Most recently, Elgar's cello concerto. I'm waiting to get a CD of this work.

Enjoy!


----------



## Guest (Jun 30, 2007)

In the "strongest emotions" department, Schubert leaves them all standing in my opinion.

Among his many single lieder there are some astonishingly beautiful pieces. There are too many to list. D 800 was mentioned earlier, but there are many others. Anyone not famliar with this genre should drop everything and get listening to some of it. 

Schubert's late piano sonatas are every bit as good as, in my opinion better than, Beethoven's. They contain some of the loveliest, most moving pieces in the whole piano repertoire. For me, at least, they reign supreme. 

I've reached this view after many previous love-affairs with other composers whom I thought at the time were invincible. It's probably best for people to discover their own path to musical Nirvana, but if anyone wants a jump start to the front of the queue go direct to Schubert.


----------



## robert newman (Oct 4, 2006)

I actually agree with Mango. I actually agree !!!! Schubert's late piano sonatas are truly wonderful.


----------



## rojo (May 26, 2006)

Wow, that`s something; Mango and robert newman agreeing! So there`s hope after all... 

I`ll probably get into big trouble for saying this, but for me, no other art form comes close to creating an emotional response such as music. Not the bard`s written or spoken word, not the artist`s canvas nor the dancer`s movements.

I like all the emotions music provides, but my favourite works are those that give me intense thrills and excitement. Followed by works of a glorious and uplifting nature. There is waaaay too much stuff to list here, but I`ll give some of my top pics. Some of you already know what works I`ll list; oh well, why should that stop me.

Debussy - La Mer. The greatest of all musical roller coaster rides of emotion.
Ravel - Daphnis and Chloe. Just the opening is enough to knock one`s socks right off. And the rest is fantastic as well.
Ravel - La Valse. The wildest and most chaotically driven waltz of all-time, hands down.
Dvorak - New World Symphony. First and last movements. Thrilling.
Stravinsky - Firebird. One of the most exciting endings of a work ever.
Shostakovich - 5th Symphony. The intensity is overpowering.


----------



## JohnM (Aug 12, 2006)

rojo said:


> for me, no other art form comes close to creating an emotional response such as music. Not the bard`s written or spoken word, not the artist`s canvas nor the dancer`s movements.

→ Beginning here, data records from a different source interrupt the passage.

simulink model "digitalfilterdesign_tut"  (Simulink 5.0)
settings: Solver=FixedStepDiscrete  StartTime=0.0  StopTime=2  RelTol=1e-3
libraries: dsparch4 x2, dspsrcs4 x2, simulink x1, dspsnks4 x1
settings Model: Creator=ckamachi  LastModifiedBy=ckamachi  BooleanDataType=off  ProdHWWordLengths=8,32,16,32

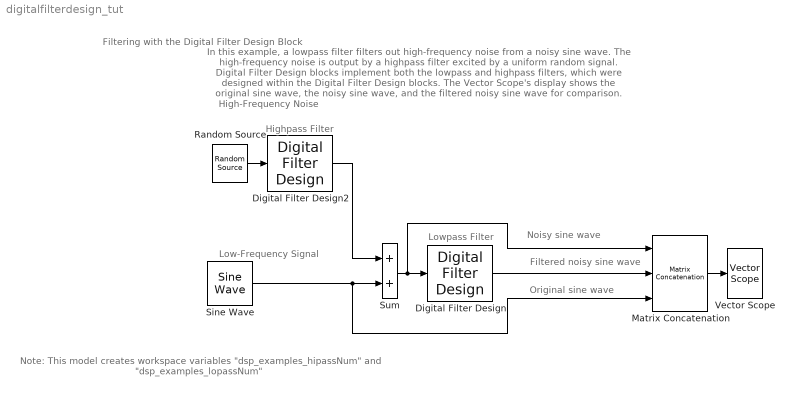
== system digitalfilterdesign_tut ==
  note: High-Frequency Noise
  note: Low-Frequency Signal
  note: Lowpass Filter
  note: Highpass Filter
  note: Noisy sine wave
  note: Filtered noisy sine wave
  note: Original sine wave
  note: Filtering with the
      | Digital Filter Design Block
  note: In this example, a lowpass filter filters out high-frequency
      | noise from a noisy sine wave.  The high-frequency noise is
      | output by a highpass filter excited by a uniform random signal.
      |
      | Digital Filter Design blocks implement both the lowpass and highpass
      | filters, which were designed within the Digital Filter Design blocks.
      | The Vector Scope's display shows the original sine wave,
      | the noisy sine wave, and the filtered noisy sine wave for comparison.
  note: Note: This model creates workspace variables "dsp_examples_hipassNum" and "dsp_examples_lopassNum"
  Digital Filter Design : dsparch4/Digital Filter Design
  Digital Filter Design2 : dsparch4/Digital Filter Design
  Matrix Concatenation : simulink/Math Operations/Matrix Concatenation  numInports=3  catMethod=Horizontal
  Random Source : dspsrcs4/Random Source  SrcType=Uniform  NormMethod=Ziggurat  CltLength=12  Min=0  Max=4  Mean=0  Var=1  RepMode=Not repeatable  Seed=1  Inherit=off  SampMode=Discrete  SampTime=1/1000  SampFrame=50  DataType=Double  OutComplex=Real
  Sine Wave : dspsrcs4/Sine Wave  Amplitude=1  Frequency=75  Phase=0  SampleMode=Discrete  OutComplex=Real  CompMethod=Trigonometric fcn  TableSize=Speed  SampleTime=1/1000  SamplesPerFrame=50  dataType=double  wordLen=16  udDataType=sfix(16)  fracBitsMode=Best precision  numFracBits=14  ResetState=Restart at time zero
  Sum : Sum  SaturateOnIntegerOverflow=on  InputSameDT=on
  Vector Scope : dspsnks4/Vector Scope  ScopeProperties=on  Domain=Time  HorizSpan=1  DisplayProperties=off  AxisGrid=on  Memory=off  FrameNumber=on  AxisLegend=on  AxisZoom=off  OpenScopeAtSimStart=on  OpenScopeImmediately=off  FigPos=[386 364 548 328]  AxisProperties=off  XUnits=Hertz  XRange=[0...Fs/2]  InheritXIncr=on  XIncr=1  XLabel=Time  YUnits=dB  YLabel=Amplitude  LineProperties=off  LineStyles=-||None  LineMarkers=None|diamond|*  LineColors=|[1 0 0]|[0 0 1]
      settings: YMin=-10  YMax=10
  wires:
  Random Source/1 -> Digital Filter Design2/1
  Sine Wave/1 -> Sum/2, Matrix Concatenation/3
  Sum/1 -> Matrix Concatenation/1, Digital Filter Design/1
  Matrix Concatenation/1 -> Vector Scope/1
  Digital Filter Design/1 -> Matrix Concatenation/2
  Digital Filter Design2/1 -> Sum/1
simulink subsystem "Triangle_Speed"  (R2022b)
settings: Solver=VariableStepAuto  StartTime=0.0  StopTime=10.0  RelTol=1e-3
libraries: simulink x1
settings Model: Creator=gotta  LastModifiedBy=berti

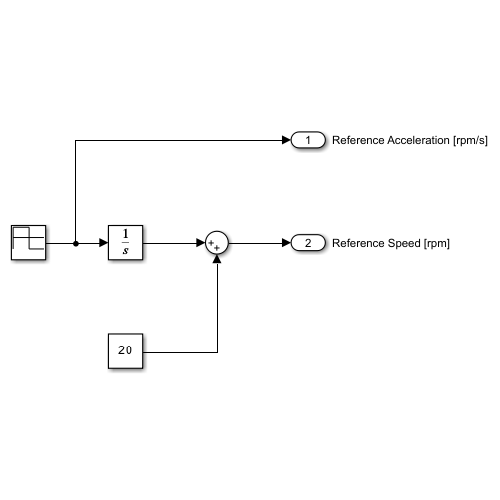
[thumbnail: Simulink's stored preview of the top-level diagram]
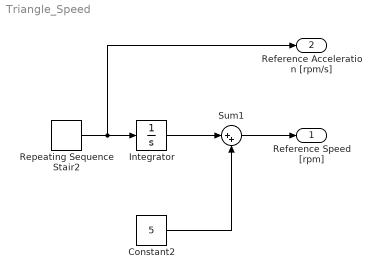
== system Triangle_Speed ==
  Constant2 : Constant  Value=5
  Integrator : Integrator
  Repeating Sequence Stair2 : simulink/Sources/Repeating Sequence Stair  OutValues=4*[10, -10]  tsamp=2.5  OutMin=[]  OutMax=[]  OutDataTypeStr=double  OutputDataTypeScalingMode=double  OutDataType=fixdt(0,8)  ConRadixGroup=Best Precision: Vector-wise  OutScaling=2^-12
  Sum1 : Sum  Inputs=|++
  Reference Speed [rpm] : Outport
  Reference Acceleration [rpm/s] : Outport  Port=2
  wires:
  Constant2/1 -> Sum1/2
  Integrator/1 -> Sum1/1
  Repeating Sequence Stair2/1 -> Reference Acceleration [rpm/s]/1, Integrator/1
  Sum1/1 -> Reference Speed [rpm]/1

Could we consider music to be the most intrinsically abstract art form?


----------



## opus67 (Jan 30, 2007)

rojo said:


> no other art form comes close to creating an emotional response such as music. Not the bard`s written or spoken word, not the artist`s canvas nor the dancer`s movements.


I feel that way, too! There are songs where the lyrics are deeply emotional, poems that stimulate and paintings that take your breath away, but it doesn't happen always. But music does it almost every single time. And it has probably got the largest reach among the arts. There should be some definite reason behind this, but I'm not neuroscientist.


----------



## Guest (Jul 1, 2007)

opus67 said:


> I feel that way, too! There are songs where the lyrics are deeply emotional, poems that stimulate and paintings that take your breath away, but it doesn't happen always. But music does it almost every single time. And it has probably got the largest reach among the arts. There should be some definite reason behind this, but I'm not neuroscientist.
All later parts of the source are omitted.